With his feet braced on either side of the hole, reaching down between his legs, he grasps one of the handles and heaves the crate up and out. He pops open the hasp with the blade of a screwdriver. Nestled inside, in a five-by-five grid, each in its own little cubby, are twenty-five olive-green hand grenades with their handles down and their pins in.
On a library computer a grizzled old-timer with a frighteningly inflamed nose explains the basics of the M67. Six-point-five ounces of high explosive. A four-to-five-second fuse. Lethal radius of five meters. “Once launched,” the man says, “the internal spring pops the spoon and releases a striker, which strikes the primer. The primer will then initiate detonation…”
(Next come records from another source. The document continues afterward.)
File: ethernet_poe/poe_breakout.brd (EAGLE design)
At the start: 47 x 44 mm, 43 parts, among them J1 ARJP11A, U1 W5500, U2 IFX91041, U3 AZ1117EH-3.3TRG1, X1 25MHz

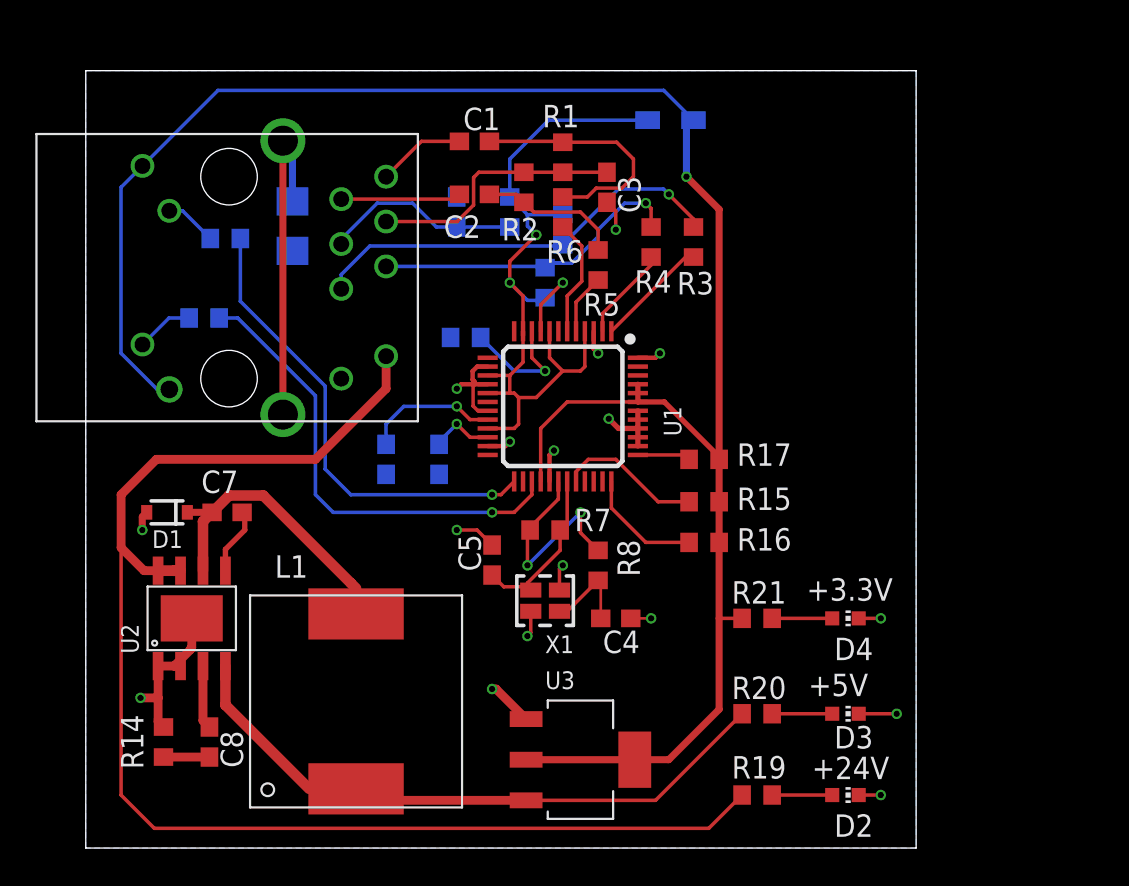
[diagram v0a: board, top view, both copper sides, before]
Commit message: Created design block and breakout board for testing
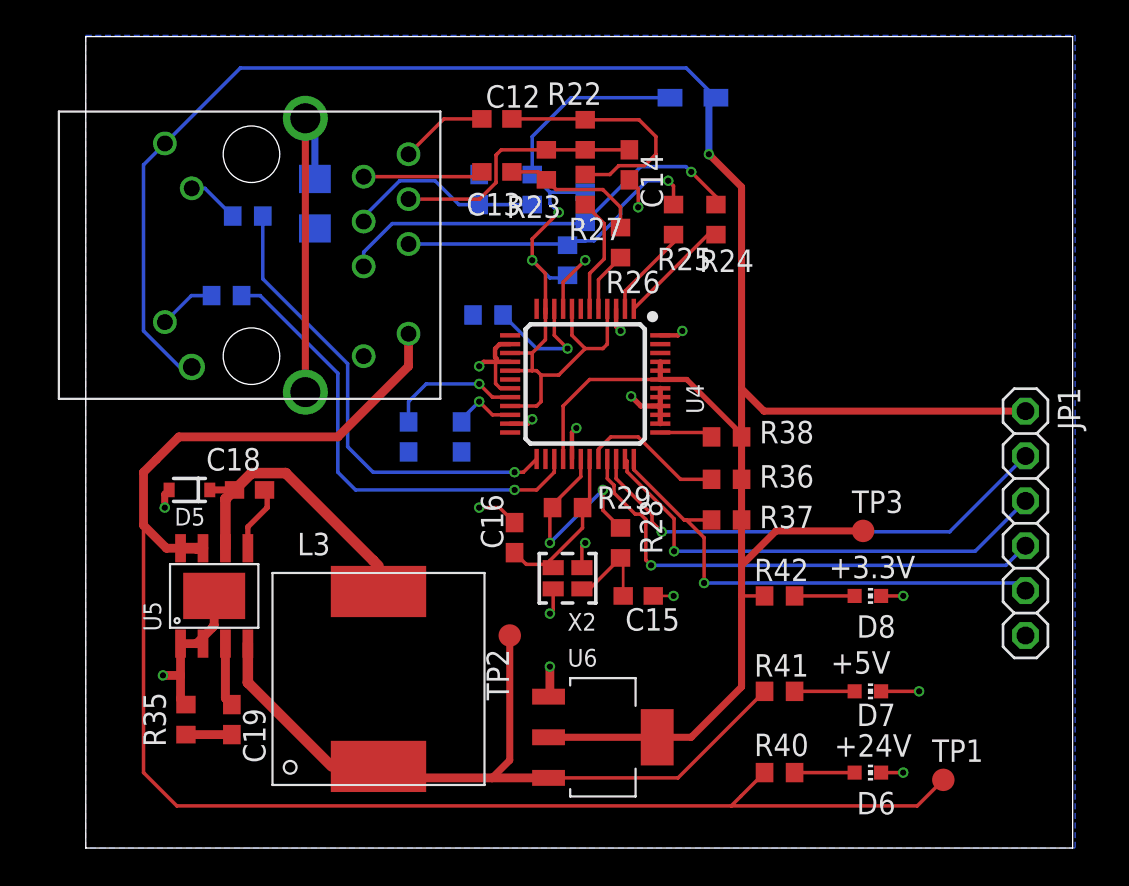
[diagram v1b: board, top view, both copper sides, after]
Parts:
- removed C1, C2, C6: 6.8nF, rcl:C0603
- removed C10, C3: 10nF, rcl:C0603
- removed C11: 1nF/2kV, rcl:C1206
- removed C4, C5: 18pF, rcl:C0603
- removed C7: 220 nF, rcl:C0603
- removed C8: 22 nF, rcl:C0603
- removed C9: 4.7uF, rcl:C0603
- removed D1: (no value), RoboJackets-Diodes:SOD-323
- removed D2, D3, D4: GRN, led:CHIP-LED0603
- removed J1: ARJP11A, ethernet_poe:ARJP11A-MBSB-A-B-EMU2
- removed L1: 47 uH, ethernet_poe:744771147
- removed L2: 742792023, ethernet_poe:0805
- removed R1, R10, R11, R2, R9: 49 1%, rcl:R0603
- removed R12, R13: 330, rcl:R0603
- removed R14: 22k, rcl:R0603
- removed R15, R16, R17: 4.9k, rcl:R0603
- removed R18: 12.4k 1%, rcl:R0603
- removed R19: 4.7k, rcl:R0603
- removed R20: 600, rcl:R0603
- removed R21: 200, rcl:R0603
- removed R3, R4, R5, R6: 33, rcl:R0603
- removed R7: 1M, rcl:R0603
- removed R8: 0, rcl:R0603
- removed U1: W5500, ethernet_poe:48-LQFP
- removed U2: IFX91041, ethernet_poe:SOIC-8-EXPOSED_PAD
- removed U3: AZ1117EH-3.3TRG1, ethernet_poe:SOT230P700X180-4N
- removed X1: 25MHz, ethernet_poe:OSCILLATOR-SMD-2.5X2
- added C12, C13, C17: 6.8nF, rcl:C0603
- added C14, C21: 10nF, rcl:C0603
- added C15, C16: 18pF, rcl:C0603
- added C18: 220 nF, rcl:C0603
- added C19: 22 nF, rcl:C0603
- added C20: 4.7uF, rcl:C0603
- added C22: 1nF/2kV, rcl:C1206
- added D5: (no value), RoboJackets-Diodes:SOD-323
- added D6, D7, D8: GRN, led:CHIP-LED0603
- added J2: ARJP11A, ethernet_poe:ARJP11A-MBSB-A-B-EMU2
- added JP1: (no value), adafruit:1X06
- added L3: 47 uH, ethernet_poe:744771147
- added L4: 742792023, ethernet_poe:0805
- added R22, R23, R30, R31, R32: 49 1%, rcl:R0603
- added R24, R25, R26, R27: 33, rcl:R0603
- added R28: 0, rcl:R0603
- added R29: 1M, rcl:R0603
- added R33, R34: 330, rcl:R0603
- added R35: 22k, rcl:R0603
- added R36, R37, R38: 4.9k, rcl:R0603
- added R39: 12.4k 1%, rcl:R0603
- added R40: 4.7k, rcl:R0603
- added R41: 600, rcl:R0603
- added R42: 200, rcl:R0603
- added TP1, TP2, TP3: TPB1,27, testpad:B1,27
- added U4: W5500, ethernet_poe:48-LQFP
- added U5: IFX91041, ethernet_poe:SOIC-8-EXPOSED_PAD
- added U6: AZ1117EH-3.3TRG1, ethernet_poe:SOT230P700X180-4N
- added X2: 25MHz, ethernet_poe:OSCILLATOR-SMD-2.5X2
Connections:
- removed net 24V_LED: D2.A, R19.2
- removed net 3V3_LED: D4.A, R21.2
- removed net 5V_LED: D3.A, R20.2
- removed net N$10: J1.12, R13.2
- removed net N$11: C5.1, R7.1, U1.31, X1.3
- removed net N$12: J1.13, R12.2
- removed net N$13: R7.2, R8.2, U1.30
- removed net N$14: C7.2, D1.C, L1.P$2, U2.6
- removed net N$15: C7.1, U2.5
- removed net N$16: C8.2, R14.1
- removed net N$17: C8.1, U2.3
- removed net N$18: C10.1, U1.22
- removed net N$19: C9.1, U1.20
- removed net N$21: R18.2, U1.10
- removed net N$4: R3.2, U1.1
- removed net N$5: R4.2, U1.2
- removed net N$7: R5.2, U1.5
- removed net N$8: R6.2, U1.6
- removed net N$9: C4.1, R8.1, X1.1
- removed net RCT: C3.1, J1.3, R1.1, R2.2
- removed net RD+: C1.1, J1.1
- removed net RD-: C2.1, J1.2
- removed net TCT: C6.1, J1.4, R11.1
- new net 24V_LED1: D6.A, R40.2
- new net 3V3_LED1: D8.A, R42.2
- new net 5V_LED1: D7.A, R41.2
- new net N$1: R24.2, U4.1
- new net N$2: R25.2, U4.2
- new net N$20: C15.1, R28.1, X2.1
- new net N$22: R28.2, R29.2, U4.30
- new net N$23: C16.1, R29.1, U4.31, X2.3
- new net N$24: J2.12, R34.2
- new net N$25: J2.13, R33.2
- new net N$26: C18.2, D5.C, L3.P$2, U5.6
- new net N$27: C18.1, U5.5
- new net N$28: C19.2, R35.1
- new net N$29: C19.1, U5.3
- new net N$3: R26.2, U4.5
- new net N$30: C21.1, U4.22
- new net N$31: C20.1, U4.20
- new net N$32: R39.2, U4.10
- new net N$6: R27.2, U4.6
- new net RCT1: C14.1, J2.3, R22.1, R23.2
- new net RD+1: C12.1, J2.1
- new net RD-1: C13.1, J2.2
- new net TCT1: C17.1, J2.4, R32.1
- net !INTN: now also JP1.5, R37.2, U4.36; no longer R16.2, U1.36
- net !RSTN: now also R38.1, U4.37; no longer R17.1, U1.37
- net !SCSN: now also R36.2, U4.32; no longer R15.2, U1.32
- net +24V: now also J2.9, R40.1, TP1.TP, U5.7, U5.8; no longer J1.9, R19.1, U2.7, U2.8
- net +3V3_A: now also L4.1, R30.2, R31.2, R32.2, U4.11, U4.15, U4.17, U4.21, U4.4, U4.8; no longer L2.1, R10.2, R11.2, R9.2, U1.11, U1.15, U1.17, U1.21, U1.4, U1.8
- net +3V3_D: now also J2.11, J2.14, JP1.1, L4.2, R36.1, R37.1, R38.2, R42.1, TP3.TP, U4.28, U4.43, U4.44, U4.45, U6.2, U6.4; no longer J1.11, J1.14, L2.2, R15.1, R16.1, R17.2, R21.1, U1.28, U1.43, U1.44, U1.45, U3.2, U3.4
- net +5V: now also L3.1, R41.1, TP2.TP, U5.4, U6.3; no longer L1.1, R20.1, U2.4, U3.3
- net ACTLED: now also R33.1, U4.27; no longer R12.1, U1.27
- net GND: now also C14.2, C15.2, C16.2, C17.2, C20.2, C21.2, C22.1, D5.A, D6.C, D7.C, D8.C, J2.10, JP1.6, R35.2, R39.1, U4.14, U4.16, U4.19, U4.23, U4.29, U4.3, U4.38, U4.39, U4.40, U4.41, U4.42, U4.48, U4.9, U5.1, U5.2, U5.P$9, U6.1, X2.2, X2.4; no longer C10.2, C11.1, C3.2, C4.2, C5.2, C6.2, C9.2, D1.A, D2.C, D3.C, D4.C, J1.10, R14.2, R18.1, U1.14, U1.16, U1.19, U1.23, U1.29, U1.3, U1.38, U1.39, U1.40, U1.41, U1.42, U1.48, U1.9, U2.1, U2.2, U2.P$9, U3.1, X1.2, X1.4
- net LINKLED: now also R34.1, U4.25; no longer R13.1, U1.25
- net MISO: now also JP1.2, U4.34; no longer U1.34
- net MOSI: now also JP1.3, U4.35; no longer U1.35
- net PE: now also C22.2, J2.15, J2.16; no longer C11.2, J1.15, J1.16
- net RXN: now also C13.2, R23.1, R26.1; no longer C2.2, R2.1, R5.1
- net RXP: now also C12.2, R22.2, R27.1; no longer C1.2, R1.2, R6.1
- net SCLK: now also JP1.4, U4.33; no longer U1.33
- net TXN: now also J2.6, R24.1, R30.1; no longer J1.6, R3.1, R9.1
- net TXP: now also J2.5, R25.1, R31.1; no longer J1.5, R10.1, R4.1
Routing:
- net SCLK: track 0.00 -> 28.9 mm, vias 0 -> 1
- net MISO: track 0.00 -> 27.6 mm, vias 0 -> 1
- net MOSI: track 0.00 -> 27.4 mm, vias 0 -> 1
- net +3V3_D: track 112.2 -> 136.5 mm
- net !INTN: track 6.71 -> 28.7 mm, vias 0 -> 1
- net N$26: track 0.00 -> 17.1 mm
- net N$14: track 17.1 -> 0.00 mm
- net RCT1: track 0.00 -> 14.6 mm
- net RCT: track 14.6 -> 0.00 mm
- net +24V: track 77.8 -> 90.5 mm
- net N$22: track 0.00 -> 12.5 mm, vias 0 -> 2
- net N$13: track 12.5 -> 0.00 mm, vias 2 -> 0
- net TCT: track 11.2 -> 0.00 mm
- net TCT1: track 0.00 -> 11.2 mm
- net N$11: track 9.43 -> 0.00 mm
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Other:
- board size 47 x 44 mm -> 55.9 x 45.9 mm

Marian walks past and smiles; Seymour hides the browser tab until she’s out of sight.
The man stands behind a barricade, depresses the handle, pulls the pin, throws. On the far side of the barricade, dirt erupts into the sky.
Seymour hits replay. Watches again.
On Wednesdays Bunny works a double shift at the Pig N’ Pancake and doesn’t get home until after eleven. She leaves a tub of macaroni in the refrigerator. The note on top says, It’s all going to be okay. All afternoon Seymour sits at the kitchen table with a forty-year-old fragmentation grenade in his lap.
The last truck leaves Eden’s Gate around seven. Seymour puts on his ear defenders, crosses the backyard, slips through the new ranch-rail fence, and walks the empty lots with the grenade in his pocket. Sod, freshly laid in the backyard of the model townhome, glows a dark, malignant green. In the two framed units on either side of it, the front door has been installed, but there are only holes where the doorknob and deadbolt should go.
In front of each home stands a realty sign with its translucent box of flyers. Live the Lakeport lifestyle that you’ve always wanted. Seymour chooses the townhome on the left.
In what will become the kitchen, the shells of cabinets stand empty. From an upstairs window, still covered with stickers and plastic film, he can see out through the branches of a few remaining firs to the clearing where Trustyfriend’s tree once stood.
No trucks anywhere. No voices, no music. In the darkening sky a single airplane contrail cuts past a quarter-moon.
He goes back downstairs and props open the front door with the butt end of a two-by-four and stands on the newly poured sidewalk in his shorts and sweatshirt with his ear defenders around his neck and the grenade in his hand.
It’s not our property. They can do whatever they want with it.
Bigger forests, better forests. He could have his pick.
He keeps the spoon depressed, holds his breath, and loops his index finger through the safety ring. All he has to do is pull. He sees himself underhand the bomb into the house: the front of the structure splinters, the front door blows off its hinges, windows shatter, the concussion travels through Lakeport, over the mountains, until it reaches the ears of Trustyfriend in whatever mystic snag the one-winged ghosts of great grey owls stand in, blinking out at eternity.
Pull the pin.
His knees shake, his heart bellows, but his finger won’t budge. He remembers the video: the whump, the dirt fountaining into the air. Five six seven eight. Pull the pin.
He can’t. He can hardly keep his feet. His finger slides out of the safety ring. The moon is still there in the sky but it might fall at any moment.